**** Dataset excerpts
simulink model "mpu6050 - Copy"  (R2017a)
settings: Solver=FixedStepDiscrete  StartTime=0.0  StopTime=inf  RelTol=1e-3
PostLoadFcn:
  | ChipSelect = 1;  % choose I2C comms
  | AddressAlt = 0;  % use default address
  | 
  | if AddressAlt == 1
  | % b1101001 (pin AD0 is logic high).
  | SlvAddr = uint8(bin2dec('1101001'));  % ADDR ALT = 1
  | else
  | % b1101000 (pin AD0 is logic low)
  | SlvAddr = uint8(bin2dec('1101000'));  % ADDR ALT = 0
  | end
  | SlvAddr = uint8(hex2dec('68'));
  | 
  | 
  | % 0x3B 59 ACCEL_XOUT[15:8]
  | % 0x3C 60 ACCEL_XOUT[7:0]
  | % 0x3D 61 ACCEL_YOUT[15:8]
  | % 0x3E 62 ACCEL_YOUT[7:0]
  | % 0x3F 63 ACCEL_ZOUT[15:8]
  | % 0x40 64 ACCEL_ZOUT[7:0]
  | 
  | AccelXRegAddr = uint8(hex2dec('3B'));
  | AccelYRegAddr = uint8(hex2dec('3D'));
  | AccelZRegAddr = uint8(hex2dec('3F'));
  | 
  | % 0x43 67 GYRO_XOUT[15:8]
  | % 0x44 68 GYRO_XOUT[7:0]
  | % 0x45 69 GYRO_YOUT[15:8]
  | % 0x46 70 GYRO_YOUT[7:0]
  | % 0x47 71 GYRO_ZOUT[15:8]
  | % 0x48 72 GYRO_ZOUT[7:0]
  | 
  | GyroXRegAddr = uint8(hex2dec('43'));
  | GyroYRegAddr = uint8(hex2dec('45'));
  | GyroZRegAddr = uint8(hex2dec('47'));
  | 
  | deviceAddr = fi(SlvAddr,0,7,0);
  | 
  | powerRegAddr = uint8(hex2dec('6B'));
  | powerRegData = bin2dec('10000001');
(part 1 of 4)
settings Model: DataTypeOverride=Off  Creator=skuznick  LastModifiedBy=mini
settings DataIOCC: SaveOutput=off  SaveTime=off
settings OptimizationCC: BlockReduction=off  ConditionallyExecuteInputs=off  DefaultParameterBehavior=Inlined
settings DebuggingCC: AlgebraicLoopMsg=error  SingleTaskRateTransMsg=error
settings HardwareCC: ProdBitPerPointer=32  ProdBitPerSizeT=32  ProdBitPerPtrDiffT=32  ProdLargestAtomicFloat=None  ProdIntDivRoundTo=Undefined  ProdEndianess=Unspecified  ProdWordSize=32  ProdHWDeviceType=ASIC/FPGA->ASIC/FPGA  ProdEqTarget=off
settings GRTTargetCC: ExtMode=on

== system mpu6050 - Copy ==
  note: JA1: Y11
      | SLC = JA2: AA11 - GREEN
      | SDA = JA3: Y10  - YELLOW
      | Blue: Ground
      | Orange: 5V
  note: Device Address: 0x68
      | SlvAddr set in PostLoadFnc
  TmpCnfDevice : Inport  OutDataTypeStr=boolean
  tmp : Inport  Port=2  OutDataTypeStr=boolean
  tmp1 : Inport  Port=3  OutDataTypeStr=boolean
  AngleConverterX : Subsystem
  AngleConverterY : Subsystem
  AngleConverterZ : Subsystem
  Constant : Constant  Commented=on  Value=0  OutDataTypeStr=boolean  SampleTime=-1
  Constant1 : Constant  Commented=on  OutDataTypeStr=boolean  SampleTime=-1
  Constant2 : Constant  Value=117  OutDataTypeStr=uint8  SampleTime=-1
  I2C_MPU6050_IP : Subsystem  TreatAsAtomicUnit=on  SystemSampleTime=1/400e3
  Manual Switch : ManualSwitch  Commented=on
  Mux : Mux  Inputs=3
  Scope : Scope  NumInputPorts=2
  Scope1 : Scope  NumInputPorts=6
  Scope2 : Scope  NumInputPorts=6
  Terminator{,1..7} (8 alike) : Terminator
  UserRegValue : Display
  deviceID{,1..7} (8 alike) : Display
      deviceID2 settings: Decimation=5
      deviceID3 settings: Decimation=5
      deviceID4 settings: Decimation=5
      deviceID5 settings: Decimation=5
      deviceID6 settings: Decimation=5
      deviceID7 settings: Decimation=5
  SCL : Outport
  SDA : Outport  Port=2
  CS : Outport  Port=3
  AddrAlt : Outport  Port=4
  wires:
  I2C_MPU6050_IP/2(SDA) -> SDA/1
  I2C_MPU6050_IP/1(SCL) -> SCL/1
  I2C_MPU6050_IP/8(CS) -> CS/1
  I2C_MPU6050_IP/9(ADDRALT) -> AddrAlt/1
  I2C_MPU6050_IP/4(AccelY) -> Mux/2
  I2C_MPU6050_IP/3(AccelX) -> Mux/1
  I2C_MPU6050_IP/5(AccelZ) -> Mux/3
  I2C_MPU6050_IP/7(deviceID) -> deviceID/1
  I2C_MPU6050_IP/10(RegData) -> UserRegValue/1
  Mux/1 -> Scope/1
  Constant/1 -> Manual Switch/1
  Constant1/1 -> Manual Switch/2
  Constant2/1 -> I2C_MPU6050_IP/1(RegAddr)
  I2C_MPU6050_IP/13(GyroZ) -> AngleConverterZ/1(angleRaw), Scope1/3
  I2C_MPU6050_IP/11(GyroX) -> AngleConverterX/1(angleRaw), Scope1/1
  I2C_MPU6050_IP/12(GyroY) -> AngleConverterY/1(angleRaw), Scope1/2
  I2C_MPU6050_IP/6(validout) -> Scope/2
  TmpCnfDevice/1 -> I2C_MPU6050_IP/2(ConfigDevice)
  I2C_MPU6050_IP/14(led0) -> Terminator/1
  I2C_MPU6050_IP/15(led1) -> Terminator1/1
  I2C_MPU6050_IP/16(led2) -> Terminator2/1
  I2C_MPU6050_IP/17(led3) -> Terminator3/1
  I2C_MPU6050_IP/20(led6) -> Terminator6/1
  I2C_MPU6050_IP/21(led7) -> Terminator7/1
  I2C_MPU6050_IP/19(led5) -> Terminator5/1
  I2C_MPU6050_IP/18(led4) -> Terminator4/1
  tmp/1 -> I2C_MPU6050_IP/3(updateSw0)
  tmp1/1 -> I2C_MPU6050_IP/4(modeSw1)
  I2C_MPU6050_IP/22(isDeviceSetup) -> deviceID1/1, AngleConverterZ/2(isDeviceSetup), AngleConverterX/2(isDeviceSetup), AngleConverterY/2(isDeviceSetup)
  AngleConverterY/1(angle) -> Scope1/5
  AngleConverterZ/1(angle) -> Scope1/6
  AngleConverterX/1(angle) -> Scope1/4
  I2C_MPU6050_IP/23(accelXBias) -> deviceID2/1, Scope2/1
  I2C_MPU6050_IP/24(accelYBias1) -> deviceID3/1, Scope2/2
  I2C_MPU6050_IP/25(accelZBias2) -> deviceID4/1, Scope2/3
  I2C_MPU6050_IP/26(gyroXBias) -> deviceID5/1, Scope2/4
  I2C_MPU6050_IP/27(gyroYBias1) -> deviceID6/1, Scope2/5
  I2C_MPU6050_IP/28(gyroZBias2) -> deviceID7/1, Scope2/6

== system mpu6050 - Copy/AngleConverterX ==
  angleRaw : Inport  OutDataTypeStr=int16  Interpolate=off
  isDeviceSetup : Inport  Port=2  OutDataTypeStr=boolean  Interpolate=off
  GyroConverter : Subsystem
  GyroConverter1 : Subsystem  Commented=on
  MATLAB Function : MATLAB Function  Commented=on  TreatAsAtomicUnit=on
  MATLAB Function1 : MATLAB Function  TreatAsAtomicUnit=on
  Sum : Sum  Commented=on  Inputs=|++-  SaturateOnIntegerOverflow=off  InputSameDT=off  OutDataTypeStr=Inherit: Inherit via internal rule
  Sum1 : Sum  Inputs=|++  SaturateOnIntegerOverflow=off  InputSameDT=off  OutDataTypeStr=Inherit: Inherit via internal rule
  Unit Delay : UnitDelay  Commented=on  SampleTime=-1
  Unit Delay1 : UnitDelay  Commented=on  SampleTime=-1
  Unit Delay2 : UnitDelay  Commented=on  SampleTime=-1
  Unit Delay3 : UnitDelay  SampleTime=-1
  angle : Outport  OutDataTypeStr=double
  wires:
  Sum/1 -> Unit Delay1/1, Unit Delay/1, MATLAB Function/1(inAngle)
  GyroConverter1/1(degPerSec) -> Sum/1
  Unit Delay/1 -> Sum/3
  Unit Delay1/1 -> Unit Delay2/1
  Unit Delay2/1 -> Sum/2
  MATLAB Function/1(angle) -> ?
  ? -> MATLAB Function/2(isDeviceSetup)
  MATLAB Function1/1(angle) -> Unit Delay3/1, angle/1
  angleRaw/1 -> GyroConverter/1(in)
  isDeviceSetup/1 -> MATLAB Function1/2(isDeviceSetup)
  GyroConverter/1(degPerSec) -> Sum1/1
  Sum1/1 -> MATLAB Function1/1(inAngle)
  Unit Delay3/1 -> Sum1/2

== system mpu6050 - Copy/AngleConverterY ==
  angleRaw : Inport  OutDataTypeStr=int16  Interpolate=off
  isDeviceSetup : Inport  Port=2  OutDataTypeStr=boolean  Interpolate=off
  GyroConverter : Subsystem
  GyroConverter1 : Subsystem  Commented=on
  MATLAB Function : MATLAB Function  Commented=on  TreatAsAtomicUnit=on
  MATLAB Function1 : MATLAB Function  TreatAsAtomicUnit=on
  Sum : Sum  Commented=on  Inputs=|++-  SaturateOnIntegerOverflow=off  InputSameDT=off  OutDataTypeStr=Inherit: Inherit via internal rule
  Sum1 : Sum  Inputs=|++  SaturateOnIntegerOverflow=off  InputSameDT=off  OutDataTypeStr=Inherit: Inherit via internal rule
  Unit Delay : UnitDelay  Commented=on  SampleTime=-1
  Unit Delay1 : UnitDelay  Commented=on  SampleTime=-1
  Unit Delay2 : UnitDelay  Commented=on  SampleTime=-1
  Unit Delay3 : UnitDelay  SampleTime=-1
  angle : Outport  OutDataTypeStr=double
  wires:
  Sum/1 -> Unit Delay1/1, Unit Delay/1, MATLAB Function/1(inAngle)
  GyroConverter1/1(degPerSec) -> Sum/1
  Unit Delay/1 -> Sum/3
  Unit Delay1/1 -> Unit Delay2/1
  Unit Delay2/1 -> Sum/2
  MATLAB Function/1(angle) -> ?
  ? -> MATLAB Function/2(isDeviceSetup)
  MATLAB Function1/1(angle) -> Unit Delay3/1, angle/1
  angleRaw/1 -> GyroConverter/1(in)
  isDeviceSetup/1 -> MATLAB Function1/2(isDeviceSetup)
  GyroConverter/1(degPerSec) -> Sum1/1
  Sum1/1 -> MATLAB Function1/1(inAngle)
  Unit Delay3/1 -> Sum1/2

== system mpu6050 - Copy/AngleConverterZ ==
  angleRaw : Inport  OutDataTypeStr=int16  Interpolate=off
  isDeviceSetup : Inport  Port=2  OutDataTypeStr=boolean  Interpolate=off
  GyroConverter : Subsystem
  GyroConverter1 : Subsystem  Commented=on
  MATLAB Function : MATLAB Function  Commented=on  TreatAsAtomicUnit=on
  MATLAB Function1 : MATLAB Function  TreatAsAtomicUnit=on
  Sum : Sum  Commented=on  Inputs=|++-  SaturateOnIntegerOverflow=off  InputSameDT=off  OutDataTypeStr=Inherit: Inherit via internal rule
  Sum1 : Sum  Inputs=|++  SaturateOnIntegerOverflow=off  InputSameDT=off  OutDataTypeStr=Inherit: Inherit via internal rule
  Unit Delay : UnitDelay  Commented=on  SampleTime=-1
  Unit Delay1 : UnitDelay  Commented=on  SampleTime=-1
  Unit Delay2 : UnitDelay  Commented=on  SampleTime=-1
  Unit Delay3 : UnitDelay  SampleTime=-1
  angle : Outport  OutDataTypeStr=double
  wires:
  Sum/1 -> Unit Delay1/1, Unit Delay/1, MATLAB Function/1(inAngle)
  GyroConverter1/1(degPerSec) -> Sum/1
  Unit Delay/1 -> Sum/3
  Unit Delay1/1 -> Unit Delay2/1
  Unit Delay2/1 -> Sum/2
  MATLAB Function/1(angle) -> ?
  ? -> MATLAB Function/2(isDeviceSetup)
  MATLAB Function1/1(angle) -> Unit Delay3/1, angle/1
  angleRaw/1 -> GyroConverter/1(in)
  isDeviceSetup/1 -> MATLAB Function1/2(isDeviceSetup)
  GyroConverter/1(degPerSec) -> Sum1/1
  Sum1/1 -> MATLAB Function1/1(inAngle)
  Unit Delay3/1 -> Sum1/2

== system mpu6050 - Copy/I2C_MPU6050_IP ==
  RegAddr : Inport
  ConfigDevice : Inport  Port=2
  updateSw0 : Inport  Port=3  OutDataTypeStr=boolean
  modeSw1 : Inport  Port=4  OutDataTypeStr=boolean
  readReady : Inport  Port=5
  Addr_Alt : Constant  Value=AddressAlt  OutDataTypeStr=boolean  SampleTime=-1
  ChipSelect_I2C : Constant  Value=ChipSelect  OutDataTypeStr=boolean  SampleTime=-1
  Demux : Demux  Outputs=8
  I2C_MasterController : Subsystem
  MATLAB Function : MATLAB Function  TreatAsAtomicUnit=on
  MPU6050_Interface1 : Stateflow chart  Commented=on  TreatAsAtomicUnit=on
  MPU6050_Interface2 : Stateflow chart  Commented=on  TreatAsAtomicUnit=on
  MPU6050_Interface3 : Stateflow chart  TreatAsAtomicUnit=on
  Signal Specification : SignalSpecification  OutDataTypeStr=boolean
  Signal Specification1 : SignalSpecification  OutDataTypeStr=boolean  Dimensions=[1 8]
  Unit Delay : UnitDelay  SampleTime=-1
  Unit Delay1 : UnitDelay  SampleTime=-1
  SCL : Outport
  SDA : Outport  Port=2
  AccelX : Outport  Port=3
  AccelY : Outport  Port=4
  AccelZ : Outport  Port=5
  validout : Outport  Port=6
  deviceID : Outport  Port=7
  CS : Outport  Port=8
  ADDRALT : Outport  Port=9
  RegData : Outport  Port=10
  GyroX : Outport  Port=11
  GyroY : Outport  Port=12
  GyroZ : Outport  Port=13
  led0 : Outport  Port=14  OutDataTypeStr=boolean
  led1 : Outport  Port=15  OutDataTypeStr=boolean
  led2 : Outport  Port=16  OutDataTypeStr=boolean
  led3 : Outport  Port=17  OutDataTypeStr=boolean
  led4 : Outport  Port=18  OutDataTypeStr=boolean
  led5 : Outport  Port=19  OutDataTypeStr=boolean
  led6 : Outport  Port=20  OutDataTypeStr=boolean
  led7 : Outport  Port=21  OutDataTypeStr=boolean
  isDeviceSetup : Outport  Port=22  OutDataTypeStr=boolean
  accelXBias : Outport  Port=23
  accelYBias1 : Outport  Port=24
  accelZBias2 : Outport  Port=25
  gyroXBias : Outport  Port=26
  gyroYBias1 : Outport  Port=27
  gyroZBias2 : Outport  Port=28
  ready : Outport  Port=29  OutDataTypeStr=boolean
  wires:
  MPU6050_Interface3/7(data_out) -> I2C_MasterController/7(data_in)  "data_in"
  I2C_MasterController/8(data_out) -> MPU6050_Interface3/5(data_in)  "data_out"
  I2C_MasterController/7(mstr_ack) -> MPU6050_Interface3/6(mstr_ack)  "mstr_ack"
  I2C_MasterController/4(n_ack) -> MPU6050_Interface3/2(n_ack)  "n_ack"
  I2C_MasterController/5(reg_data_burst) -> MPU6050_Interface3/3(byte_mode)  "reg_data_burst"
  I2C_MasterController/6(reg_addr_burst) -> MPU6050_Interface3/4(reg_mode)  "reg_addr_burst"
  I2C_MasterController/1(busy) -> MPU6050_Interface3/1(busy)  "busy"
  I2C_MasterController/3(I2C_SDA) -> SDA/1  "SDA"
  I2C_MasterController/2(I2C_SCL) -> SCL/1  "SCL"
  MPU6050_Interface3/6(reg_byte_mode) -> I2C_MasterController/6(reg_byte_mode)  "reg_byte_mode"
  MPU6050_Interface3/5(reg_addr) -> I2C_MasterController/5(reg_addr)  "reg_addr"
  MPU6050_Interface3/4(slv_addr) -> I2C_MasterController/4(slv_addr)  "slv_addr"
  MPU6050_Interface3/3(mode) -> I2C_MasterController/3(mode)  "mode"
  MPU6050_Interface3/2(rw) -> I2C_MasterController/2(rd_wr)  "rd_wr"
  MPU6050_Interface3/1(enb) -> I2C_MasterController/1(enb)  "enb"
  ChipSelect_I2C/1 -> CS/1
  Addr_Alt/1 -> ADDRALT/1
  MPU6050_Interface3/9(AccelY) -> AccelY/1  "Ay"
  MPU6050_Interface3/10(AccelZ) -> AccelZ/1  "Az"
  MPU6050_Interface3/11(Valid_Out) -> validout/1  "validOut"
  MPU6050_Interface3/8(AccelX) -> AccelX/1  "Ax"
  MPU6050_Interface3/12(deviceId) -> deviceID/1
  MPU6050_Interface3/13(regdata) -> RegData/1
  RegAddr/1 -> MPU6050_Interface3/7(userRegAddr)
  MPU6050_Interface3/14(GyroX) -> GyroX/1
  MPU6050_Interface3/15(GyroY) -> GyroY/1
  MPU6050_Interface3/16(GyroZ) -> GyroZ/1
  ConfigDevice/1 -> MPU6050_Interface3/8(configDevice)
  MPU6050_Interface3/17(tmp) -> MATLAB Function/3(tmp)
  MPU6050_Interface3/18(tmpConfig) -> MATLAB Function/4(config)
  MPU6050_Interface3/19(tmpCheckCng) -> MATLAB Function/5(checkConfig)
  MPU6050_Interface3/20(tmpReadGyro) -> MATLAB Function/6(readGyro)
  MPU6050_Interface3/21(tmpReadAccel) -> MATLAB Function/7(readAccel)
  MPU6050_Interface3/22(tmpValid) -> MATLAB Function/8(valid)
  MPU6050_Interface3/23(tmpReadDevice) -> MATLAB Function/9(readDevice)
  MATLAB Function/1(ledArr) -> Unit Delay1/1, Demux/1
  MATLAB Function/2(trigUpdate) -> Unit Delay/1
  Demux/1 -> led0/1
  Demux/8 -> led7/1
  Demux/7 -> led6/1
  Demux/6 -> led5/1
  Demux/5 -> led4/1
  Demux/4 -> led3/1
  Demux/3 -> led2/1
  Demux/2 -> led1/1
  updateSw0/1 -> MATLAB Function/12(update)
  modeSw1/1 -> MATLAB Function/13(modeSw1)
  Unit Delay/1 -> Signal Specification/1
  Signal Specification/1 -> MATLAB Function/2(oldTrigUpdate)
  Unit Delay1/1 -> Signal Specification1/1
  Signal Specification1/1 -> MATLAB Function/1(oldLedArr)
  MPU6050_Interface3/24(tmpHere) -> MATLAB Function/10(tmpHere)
********
Task statement:
Leave out every line above except those from the line with "0x3E 62 ACCEL_YOUT[7:0]" up to and including the line with "deviceAddr = fi(SlvAddr,0,7,0);", and copy those exactly.

Answer to this exercise:
  | % 0x3E 62 ACCEL_YOUT[7:0]
  | % 0x3F 63 ACCEL_ZOUT[15:8]
  | % 0x40 64 ACCEL_ZOUT[7:0]
  | 
  | AccelXRegAddr = uint8(hex2dec('3B'));
  | AccelYRegAddr = uint8(hex2dec('3D'));
  | AccelZRegAddr = uint8(hex2dec('3F'));
  | 
  | % 0x43 67 GYRO_XOUT[15:8]
  | % 0x44 68 GYRO_XOUT[7:0]
  | % 0x45 69 GYRO_YOUT[15:8]
  | % 0x46 70 GYRO_YOUT[7:0]
  | % 0x47 71 GYRO_ZOUT[15:8]
  | % 0x48 72 GYRO_ZOUT[7:0]
  | 
  | GyroXRegAddr = uint8(hex2dec('43'));
  | GyroYRegAddr = uint8(hex2dec('45'));
  | GyroZRegAddr = uint8(hex2dec('47'));
  | 
  | deviceAddr = fi(SlvAddr,0,7,0);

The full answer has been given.